Thank you very much for clearing this, I have been asking this question now for some time but nobody has seen fit to answer me. I seem to have made some mistake, I thought I was diverting my question to the first commentor, probably it was better this way ;). I am surprised to hear that it is not optional, I was sure that this was one of the major differences between US and Europe, that the US government could not dictate you to participate in anything like that or hold a complete registration of its people (wich is neccasery for this to work I presume).

But what surprises me most is learning that the US is much closer to our welfare state than I ever thought, this I will have to use to my advantage in future debates about the "evil America" wich according to the leftists is the most libertarian (classical liberalism) society and see they say, the rich are getting richer and the poor poorer and so many are not health covered and so on and on.

But the trouble is of course that the US is burdened with wealth equalization (distribution) programs just like the rest of us, that are contrary to popular beliew mostly responsible for increasing the divide between rich and poor. The US is much more beurocratistic and even socialistic than I ever thought, but it has also a fearsome champions of freedom, hopefully they will prevail, sadly every time someone gets to Washington they also start to spend...

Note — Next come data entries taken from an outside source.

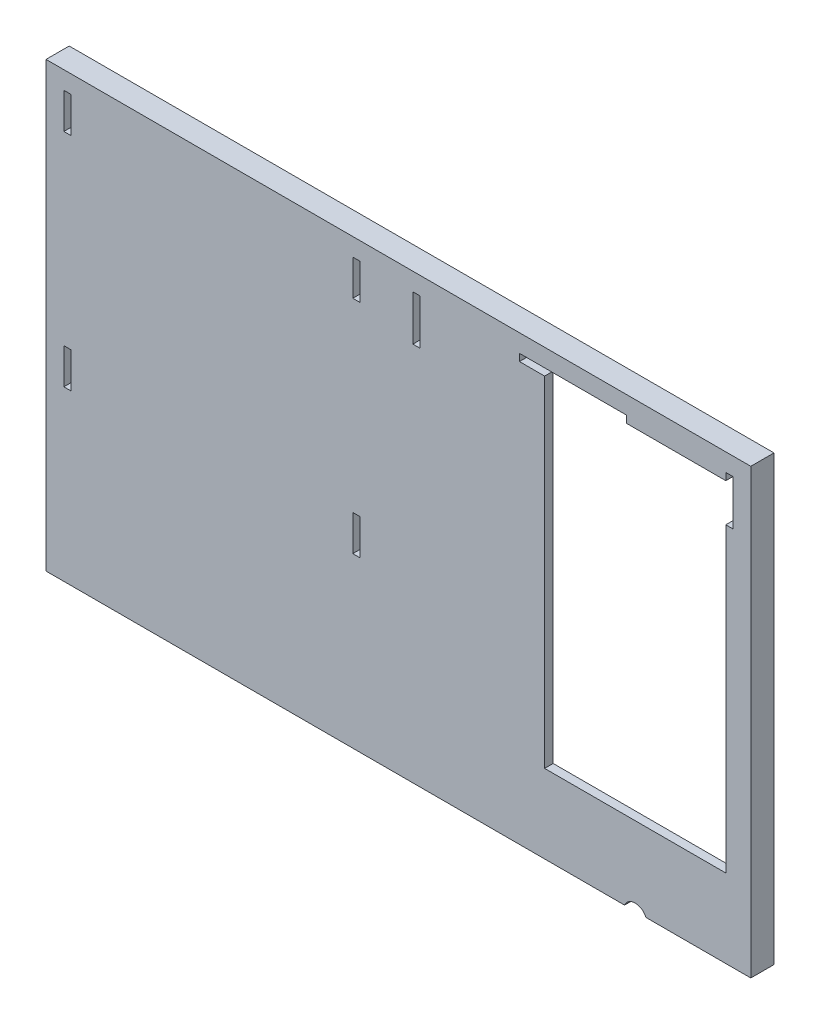
SolidWorks part; units mm, degrees
ref_plane "Front Plane" through (0, 0, 0) normal (0, 0, 1) x (1, 0, 0)
ref_plane "Top Plane" through (0, 0, 0) normal (0, 1, 0) x (1, 0, 0)
ref_plane "Right Plane" through (0, 0, 0) normal (1, 0, 0) x (0, 0, -1)
sketch "Sketch1" plane through (0, 0, 0) normal (0, 0, 1) x (1, 0, 0)
  line L1 (0, 0) -> (195.58, 0)
  line L2 (0, 0) -> (0, 244.475)
  line L3 (0, 244.475) -> (195.58, 244.475)
  line L4 (195.58, 0) -> (195.58, 244.475)
  dimension "D1" = 195.58
  dimension "D2" = 244.475
extrude "Boss-Extrude1" add sketch "Sketch1" along normal blind 2.4
sketch "Sketch2" plane through (0, 0, 2.4) normal (0, 0, 1) x (1, 0, 0)
  line L0 (195.58, 244.475) -> (197.58, 244.475) construction
  line L1 (195.58, 0) -> (0, 0)
  line L3 (196.9234, -2) -> (0, -2)
  line L4 (0, 0) -> (0, -2)
  line L5 (195.58, 244.475) -> (0, 244.475)
  line L7 (195.58, 246.475) -> (0, 246.475)
  line L8 (0, 244.475) -> (0, 246.475)
  line L9 (196.9234, -2) -> (197.58, -2)
  line L10 (195.58, 0) -> (195.58, 244.475)
  line L11 (195.58, 246.475) -> (197.58, 246.475)
  line L12 (197.58, -2) -> (197.58, 246.475)
  dimension "D1" = 2
extrude "Boss-Extrude2" add sketch "Sketch2" against normal offset from surface (4.5 mm away) 2.1 up to face at (97.79, 122.2375, 0) offset beyond the face yes
sketch "Sketch3" plane through (0, 0, -2.1) normal (0, 0, -1) x (-1, 0, 0)
  line L0 (-195.58, 244.475) -> (-195.58, 0) construction
  line L1 (0, -2) -> (-197.58, -2)
  line L2 (0, -2) -> (0, 3.9688)
  line L3 (0, 3.9688) -> (-195.58, 3.9688)
  line L5 (-197.58, 246.475) -> (0, 246.475)
  line L7 (-195.58, 240.5062) -> (0, 240.5062)
  line L8 (0, 246.475) -> (0, 240.5062)
  line L10 (-197.58, -2) -> (-197.58, 246.475)
  line L12 (-195.58, 3.9688) -> (-195.58, 240.5062)
  dimension "D1" = 236.5375
extrude "Boss-Extrude3" add sketch "Sketch3" along normal blind 2
sketch "Sketch4" plane through (0, 0, 2.4) normal (0, 0, 1) x (1, 0, 0)
  line L0 (7, 231.475) -> (7, 179.475) construction
  line L1 (5, 241.475) -> (7, 241.475)
  line L2 (5, 241.475) -> (5, 231.475)
  line L3 (5, 231.475) -> (7, 231.475)
  line L4 (7, 241.475) -> (7, 231.475)
  line L5 (5, 179.475) -> (7, 179.475)
  line L6 (5, 179.475) -> (5, 169.475)
  line L7 (5, 169.475) -> (7, 169.475)
  line L8 (7, 179.475) -> (7, 169.475)
  line L9 (197.58, 246.475) -> (0, 246.475) construction
  line L10 (0, 246.475) -> (0, -2) construction
  line L11 (7, 241.475) -> (46.5, 241.475) construction
  line L12 (46.5, 241.475) -> (46.5, 181.5011) construction
  line L13 (88, 169.475) -> (86, 169.475)
  line L14 (86, 179.475) -> (86, 169.475)
  line L15 (88, 179.475) -> (86, 179.475)
  line L16 (88, 179.475) -> (88, 169.475)
  line L17 (88, 231.475) -> (86, 231.475)
  line L18 (86, 241.475) -> (86, 231.475)
  line L19 (88, 241.475) -> (86, 241.475)
  line L20 (88, 241.475) -> (88, 231.475)
  dimension "D1" = 10
  dimension "D2" = 2
  dimension "D3" = 10
  dimension "D4" = 52
  dimension "D5" = 5
  dimension "D6" = 5
  dimension "D7" = 39.5
extrude "Cut-Extrude1" cut sketch "Sketch4" against normal up to surface (2.4 mm away) up to face at (97.79, 122.2375, 0)
sketch "Sketch5" plane through (0, 0, 2.4) normal (0, 0, 1) x (1, 0, 0)
  line L0 (162.7175, 239.475) -> (190.58, 239.475)
  line L1 (139.78, 239.475) -> (132.7175, 239.475)
  line L2 (139.78, 239.475) -> (139.78, 144.225)
  line L3 (139.78, 144.225) -> (190.58, 144.225)
  line L4 (190.58, 228.775) -> (190.58, 144.225)
  line L5 (102.855, 241.475) -> (104.855, 241.475)
  line L6 (102.855, 241.475) -> (102.855, 228.775)
  line L7 (102.855, 228.775) -> (104.855, 228.775)
  line L8 (104.855, 241.475) -> (104.855, 228.775)
  line L9 (132.7175, 241.475) -> (162.7175, 241.475)
  line L10 (132.7175, 241.475) -> (132.7175, 239.475)
  line L12 (162.7175, 241.475) -> (162.7175, 239.475)
  line L13 (190.58, 241.475) -> (192.58, 241.475)
  line L14 (190.58, 241.475) -> (190.58, 239.475)
  line L15 (190.58, 228.775) -> (192.58, 228.775)
  line L16 (192.58, 241.475) -> (192.58, 228.775)
  line L17 (104.855, 241.475) -> (132.7175, 241.475) construction
  line L18 (162.7175, 241.475) -> (190.58, 241.475) construction
  line L19 (197.58, -2) -> (197.58, 246.475) construction
  line L20 (197.58, 246.475) -> (0, 246.475) construction
  dimension "D1" = 50.8
  dimension "D2" = 95.25
  dimension "D3" = 34.925
  dimension "D4" = 30
  dimension "D5" = 2
  dimension "D6" = 5
  dimension "D7" = 5
  dimension "D8" = 12.7
  dimension "D9" = 85.725
extrude "Cut-Extrude2" cut sketch "Sketch5" against normal up to surface (2.4 mm away) up to face at (87, 236.475, 0)
sketch "Sketch6" plane through (0, 0, 2.4) normal (0, 0, 1) x (1, 0, 0)
  line L0 (168.43, 120.975) -> (193.83, 120.975) construction
  line L2 (165.18, 124.225) -> (165.18, 144.225) construction
  line L3 (139.78, 144.225) -> (190.58, 144.225) construction
  circle A0 centre (165.18, 120.975) radius 3.25
  circle A1 centre (165.18, 100.975) radius 3.25
  circle A2 centre (165.18, 80.975) radius 3.25
  circle A3 centre (165.18, 60.975) radius 3.25
  circle A4 centre (165.18, 40.975) radius 3.25
  dimension "D1" = 25.4
  dimension "D3" = 6.5
  dimension "D2" = 20
  dimension "D4" = 5
extrude "Cut-Extrude3" cut sketch "Sketch6" against normal through all
ref_plane "Plane1" through (0, 122.2375, 0) normal (0, 1, 0) x (1, 0, 0)
sketch "Sketch7" plane through (0, 122.2375, 0) normal (0, 1, 0) x (1, 0, 0)
  line L1 (-11.6031, 14.7276) -> (237.1029, 14.7276)
  line L2 (-11.6031, 14.7276) -> (-11.6031, -11.9502)
  line L3 (-11.6031, -11.9502) -> (237.1029, -11.9502)
  line L4 (237.1029, 14.7276) -> (237.1029, -11.9502)
extrude "Cut-Extrude4" cut sketch "Sketch7" against normal through all

We have to pay tax on the returns from our pension systems, but similarly to you, there is some kind of taxfree limit (they are very high in Iceland) I beliewe, but we have only recently started private accounts, and I am not sure if they are tax free or not, or if so if it is limitless how much I can put into it.

But at least if I start paying around 3% of my income into it my employeer needs to match it with similar amount. Most likely when people will start to withrdraw money from these accounts they will get less money from the collective accounts, specially as they also bear the burden of disability pension.